Leave out the pictures and output the data verbatim.

Records drawn from a dataset
# # # #
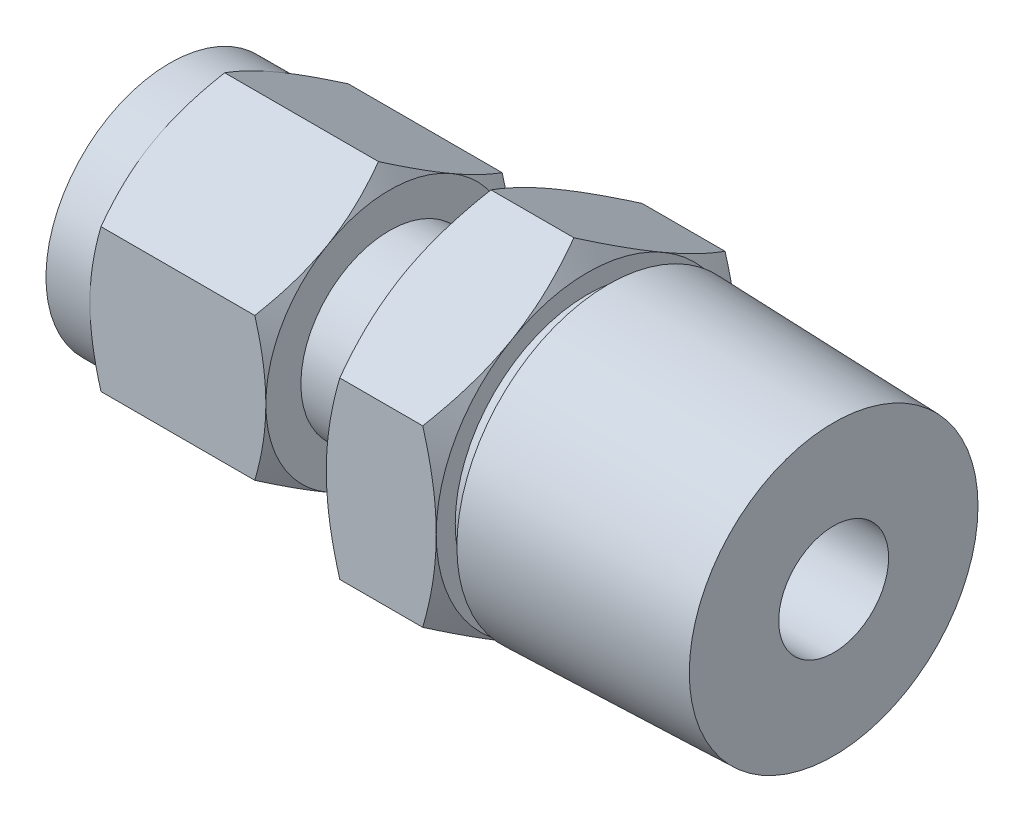
SolidWorks part; units mm, degrees
material "Brass"
ref_plane "Front Plane" through (0, 0, 0) normal (0, 0, 1) x (1, 0, 0)
ref_plane "Top Plane" through (0, 0, 0) normal (0, 1, 0) x (1, 0, 0)
ref_plane "Right Plane" through (0, 0, 0) normal (1, 0, 0) x (0, 0, -1)
other "Configuration Table"
sketch "Sketch5" plane through (0, 0, 0) normal (0, 0, 1) x (1, 0, 0)
  line L0 (0, 0) -> (-7.7637, 0) construction
  line L1 (-7.3838, -3.175) -> (-7.3838, -2.921)
  line L2 (-7.3838, -2.921) -> (-14.224, -2.921)
  line L5 (-13.02, -8.7427) -> (0, -8.3381)
  line L6 (0, -8.3381) -> (0, -3.175)
  line L8 (-13.6602, -7.634) -> (-13.02, -8.7427)
  line L10 (-14.224, -7.634) -> (-13.6602, -7.634)
  line L12 (-14.224, -2.921) -> (-14.224, -7.634)
  line L16 (0, -3.175) -> (-7.3838, -3.175)
  dimension "D2" = 0.254
  dimension "pipe-a" = 13.02
  dimension "pipe-b" = 14.224
  dimension "pipe thread dia" = 17.4854
  dimension "D7" = 120
  dimension "pipe-neck down" = 15.2679
  dimension "mate ref dist" = 7.3838
revolve "Revolve1" add sketch "Sketch5" angle 360 about L0
cosmetic thread "Cosmetic Thread1" parameters "D2"=14.6721
sketch "Sketch16" plane through (-14.224, 0, 0) normal (-1, 0, 0) x (0, 0, 1)
  line L1 (0, 10.082) -> (-8.7312, 5.041)
  line L2 (-8.7312, 5.041) -> (-8.7312, -5.041)
  line L3 (-8.7312, -5.041) -> (0, -10.082)
  line L4 (0, -10.082) -> (8.7312, -5.041)
  line L5 (8.7312, -5.041) -> (8.7312, 5.041)
  line L6 (8.7312, 5.041) -> (0, 10.082)
  circle A0 centre (0, 0) radius 8.7312 construction
  circle A1 centre (0, 0) radius 2.921 construction
  circle A2 centre (0, 0) radius 2.921
  dimension "pipe hex" = 17.4625
extrude "Extrude6" add sketch "Sketch16" along normal blind 6.35
sketch "Sketch17" plane through (-20.574, 0, 0) normal (-1, 0, 0) x (0, 0, 1)
  line L0 (8.7312, 5.041) -> (0, 10.082) construction
  circle A0 centre (0, 0) radius 8.7312
extrude "Extrude7" cut sketch "Sketch17" against normal blind 6.35 draft 60 flip side to cut
sketch "Sketch18" plane through (-14.224, 0, 0) normal (1, 0, 0) x (0, 0, -1)
  line L0 (-8.7312, 5.041) -> (0, 10.082) construction
  circle A0 centre (0, 0) radius 8.7312
extrude "Extrude8" cut sketch "Sketch18" against normal blind 6.35 draft 60 flip side to cut
ref_plane "Plane2" through (-25.654, 0, 0) normal (1, 0, 0) x (0, 0, -1)
sketch "Sketch6" plane through (-25.654, 0, 0) normal (1, 0, 0) x (0, 0, -1)
  line L1 (0, -8.2489) -> (7.1437, -4.1244)
  line L2 (7.1437, -4.1244) -> (7.1438, 4.1244)
  line L3 (7.1438, 4.1244) -> (0, 8.2489)
  line L4 (0, 8.2489) -> (-7.1437, 4.1244)
  line L5 (-7.1437, 4.1244) -> (-7.1437, -4.1244)
  line L6 (-7.1437, -4.1244) -> (0, -8.2489)
  circle A0 centre (0, 0) radius 7.1438 construction
  circle A1 centre (0, 0) radius 2.921 construction
  circle A2 centre (0, 0) radius 2.921
  dimension "tube hex" = 14.2875
extrude "Extrude1" add sketch "Sketch6" against normal blind 10.16
sketch "Sketch8" plane through (-35.814, 0, 0) normal (-1, 0, 0) x (0, 0, 1)
  line L0 (0, 8.2489) -> (7.1437, 4.1244) construction
  circle A0 centre (0, 0) radius 7.1437
extrude "Extrude2" cut sketch "Sketch8" against normal blind 1.524 draft 60 flip side to cut
sketch "Sketch9" plane through (-25.654, 0, 0) normal (1, 0, 0) x (0, 0, -1)
  line L0 (0, 8.2489) -> (-7.1437, 4.1244) construction
  circle A0 centre (0, 0) radius 7.1437
extrude "Extrude3" cut sketch "Sketch9" against normal blind 6.35 draft 60 flip side to cut
sketch "Sketch11" plane through (0, 0, 0) normal (0, 0, 1) x (1, 0, 0)
  line L0 (-25.654, 2.921) -> (-35.814, 2.921) construction
  line L2 (-21.463, 4.4983) -> (-21.8897, 5.2375)
  line L3 (-14.224, 4.4983) -> (-21.463, 4.4983)
  line L4 (0, -8.3381) -> (0, 8.3381) construction
  line L5 (-21.8897, 5.2375) -> (-30.734, 4.9626)
  line L6 (-14.224, -7.634) -> (-14.224, 7.634) construction
  line L7 (-30.734, 8.2489) -> (-30.734, 7.2099) construction
  line L8 (-38.354, 2.921) -> (-14.224, 2.921)
  line L9 (-35.1759, 8.2489) -> (-26.2921, 8.2489) construction
  line L11 (-30.734, 7.1437) -> (-38.354, 7.1437)
  line L12 (-30.734, 7.1437) -> (-30.734, 4.9626)
  line L13 (-38.354, 7.1437) -> (-38.354, 2.921)
  line L14 (-14.224, 4.4983) -> (-14.224, 2.921)
  line L17 (0, 0) -> (-14.224, 0) construction
  dimension "tube-dia" = 14.2875
  dimension "OAL" = 38.354
  dimension "D6" = 120
  dimension "tube-neck down" = 8.9967
  dimension "tube-c" = 16.4643
  dimension "tube taper dia" = 10.475
revolve "Revolve2" add sketch "Sketch11" angle 360 about L17
sketch "Sketch15" plane through (-38.354, 0, 0) normal (-1, 0, 0) x (0, 0, 1)
  circle A0 centre (0, 0) radius 3.175
extrude "Extrude5" cut sketch "Sketch15" against normal blind 15.24
sketch "Sketch19" plane through (-14.224, 0, 0) normal (1, 0, 0) x (0, 0, -1)
  point P0 (0, 0)
other "RPoint1"
other "CPoint1" parameters "Diameter"=6.35, "StubLength"=23.8125
ref_axis "Axis1" through (-33.114, 0, 0) along (1, 0, 0)
ref_axis "Axis of Rotation" through (-13.02, 0, 0) along (1, 0, 0)
# # # #
**ANSWER**
SolidWorks part; units mm, degrees
material "Brass"
ref_plane "Front Plane" through (0, 0, 0) normal (0, 0, 1) x (1, 0, 0)
ref_plane "Top Plane" through (0, 0, 0) normal (0, 1, 0) x (1, 0, 0)
ref_plane "Right Plane" through (0, 0, 0) normal (1, 0, 0) x (0, 0, -1)
other "Configuration Table"
sketch "Sketch5" plane through (0, 0, 0) normal (0, 0, 1) x (1, 0, 0)
  line L0 (0, 0) -> (-7.7637, 0) construction
  line L1 (-7.3838, -3.175) -> (-7.3838, -2.921)
  line L2 (-7.3838, -2.921) -> (-14.224, -2.921)
  line L5 (-13.02, -8.7427) -> (0, -8.3381)
  line L6 (0, -8.3381) -> (0, -3.175)
  line L8 (-13.6602, -7.634) -> (-13.02, -8.7427)
  line L10 (-14.224, -7.634) -> (-13.6602, -7.634)
  line L12 (-14.224, -2.921) -> (-14.224, -7.634)
  line L16 (0, -3.175) -> (-7.3838, -3.175)
  dimension "D2" = 0.254
  dimension "pipe-a" = 13.02
  dimension "pipe-b" = 14.224
  dimension "pipe thread dia" = 17.4854
  dimension "D7" = 120
  dimension "pipe-neck down" = 15.2679
  dimension "mate ref dist" = 7.3838
revolve "Revolve1" add sketch "Sketch5" angle 360 about L0
cosmetic thread "Cosmetic Thread1" parameters "D2"=14.6721
sketch "Sketch16" plane through (-14.224, 0, 0) normal (-1, 0, 0) x (0, 0, 1)
  line L1 (0, 10.082) -> (-8.7312, 5.041)
  line L2 (-8.7312, 5.041) -> (-8.7312, -5.041)
  line L3 (-8.7312, -5.041) -> (0, -10.082)
  line L4 (0, -10.082) -> (8.7312, -5.041)
  line L5 (8.7312, -5.041) -> (8.7312, 5.041)
  line L6 (8.7312, 5.041) -> (0, 10.082)
  circle A0 centre (0, 0) radius 8.7312 construction
  circle A1 centre (0, 0) radius 2.921 construction
  circle A2 centre (0, 0) radius 2.921
  dimension "pipe hex" = 17.4625
extrude "Extrude6" add sketch "Sketch16" along normal blind 6.35
sketch "Sketch17" plane through (-20.574, 0, 0) normal (-1, 0, 0) x (0, 0, 1)
  line L0 (8.7312, 5.041) -> (0, 10.082) construction
  circle A0 centre (0, 0) radius 8.7312
extrude "Extrude7" cut sketch "Sketch17" against normal blind 6.35 draft 60 flip side to cut
sketch "Sketch18" plane through (-14.224, 0, 0) normal (1, 0, 0) x (0, 0, -1)
  line L0 (-8.7312, 5.041) -> (0, 10.082) construction
  circle A0 centre (0, 0) radius 8.7312
extrude "Extrude8" cut sketch "Sketch18" against normal blind 6.35 draft 60 flip side to cut
ref_plane "Plane2" through (-25.654, 0, 0) normal (1, 0, 0) x (0, 0, -1)
sketch "Sketch6" plane through (-25.654, 0, 0) normal (1, 0, 0) x (0, 0, -1)
  line L1 (0, -8.2489) -> (7.1437, -4.1244)
  line L2 (7.1437, -4.1244) -> (7.1438, 4.1244)
  line L3 (7.1438, 4.1244) -> (0, 8.2489)
  line L4 (0, 8.2489) -> (-7.1437, 4.1244)
  line L5 (-7.1437, 4.1244) -> (-7.1437, -4.1244)
  line L6 (-7.1437, -4.1244) -> (0, -8.2489)
  circle A0 centre (0, 0) radius 7.1438 construction
  circle A1 centre (0, 0) radius 2.921 construction
  circle A2 centre (0, 0) radius 2.921
  dimension "tube hex" = 14.2875
extrude "Extrude1" add sketch "Sketch6" against normal blind 10.16
sketch "Sketch8" plane through (-35.814, 0, 0) normal (-1, 0, 0) x (0, 0, 1)
  line L0 (0, 8.2489) -> (7.1437, 4.1244) construction
  circle A0 centre (0, 0) radius 7.1437
extrude "Extrude2" cut sketch "Sketch8" against normal blind 1.524 draft 60 flip side to cut
sketch "Sketch9" plane through (-25.654, 0, 0) normal (1, 0, 0) x (0, 0, -1)
  line L0 (0, 8.2489) -> (-7.1437, 4.1244) construction
  circle A0 centre (0, 0) radius 7.1437
extrude "Extrude3" cut sketch "Sketch9" against normal blind 6.35 draft 60 flip side to cut
sketch "Sketch11" plane through (0, 0, 0) normal (0, 0, 1) x (1, 0, 0)
  line L0 (-25.654, 2.921) -> (-35.814, 2.921) construction
  line L2 (-21.463, 4.4983) -> (-21.8897, 5.2375)
  line L3 (-14.224, 4.4983) -> (-21.463, 4.4983)
  line L4 (0, -8.3381) -> (0, 8.3381) construction
  line L5 (-21.8897, 5.2375) -> (-30.734, 4.9626)
  line L6 (-14.224, -7.634) -> (-14.224, 7.634) construction
  line L7 (-30.734, 8.2489) -> (-30.734, 7.2099) construction
  line L8 (-38.354, 2.921) -> (-14.224, 2.921)
  line L9 (-35.1759, 8.2489) -> (-26.2921, 8.2489) construction
  line L11 (-30.734, 7.1437) -> (-38.354, 7.1437)
  line L12 (-30.734, 7.1437) -> (-30.734, 4.9626)
  line L13 (-38.354, 7.1437) -> (-38.354, 2.921)
  line L14 (-14.224, 4.4983) -> (-14.224, 2.921)
  line L17 (0, 0) -> (-14.224, 0) construction
  dimension "tube-dia" = 14.2875
  dimension "OAL" = 38.354
  dimension "D6" = 120
  dimension "tube-neck down" = 8.9967
  dimension "tube-c" = 16.4643
  dimension "tube taper dia" = 10.475
revolve "Revolve2" add sketch "Sketch11" angle 360 about L17
sketch "Sketch15" plane through (-38.354, 0, 0) normal (-1, 0, 0) x (0, 0, 1)
  circle A0 centre (0, 0) radius 3.175
extrude "Extrude5" cut sketch "Sketch15" against normal blind 15.24
sketch "Sketch19" plane through (-14.224, 0, 0) normal (1, 0, 0) x (0, 0, -1)
  point P0 (0, 0)
other "RPoint1"
other "CPoint1" parameters "Diameter"=6.35, "StubLength"=23.8125
ref_axis "Axis1" through (-33.114, 0, 0) along (1, 0, 0)
ref_axis "Axis of Rotation" through (-13.02, 0, 0) along (1, 0, 0)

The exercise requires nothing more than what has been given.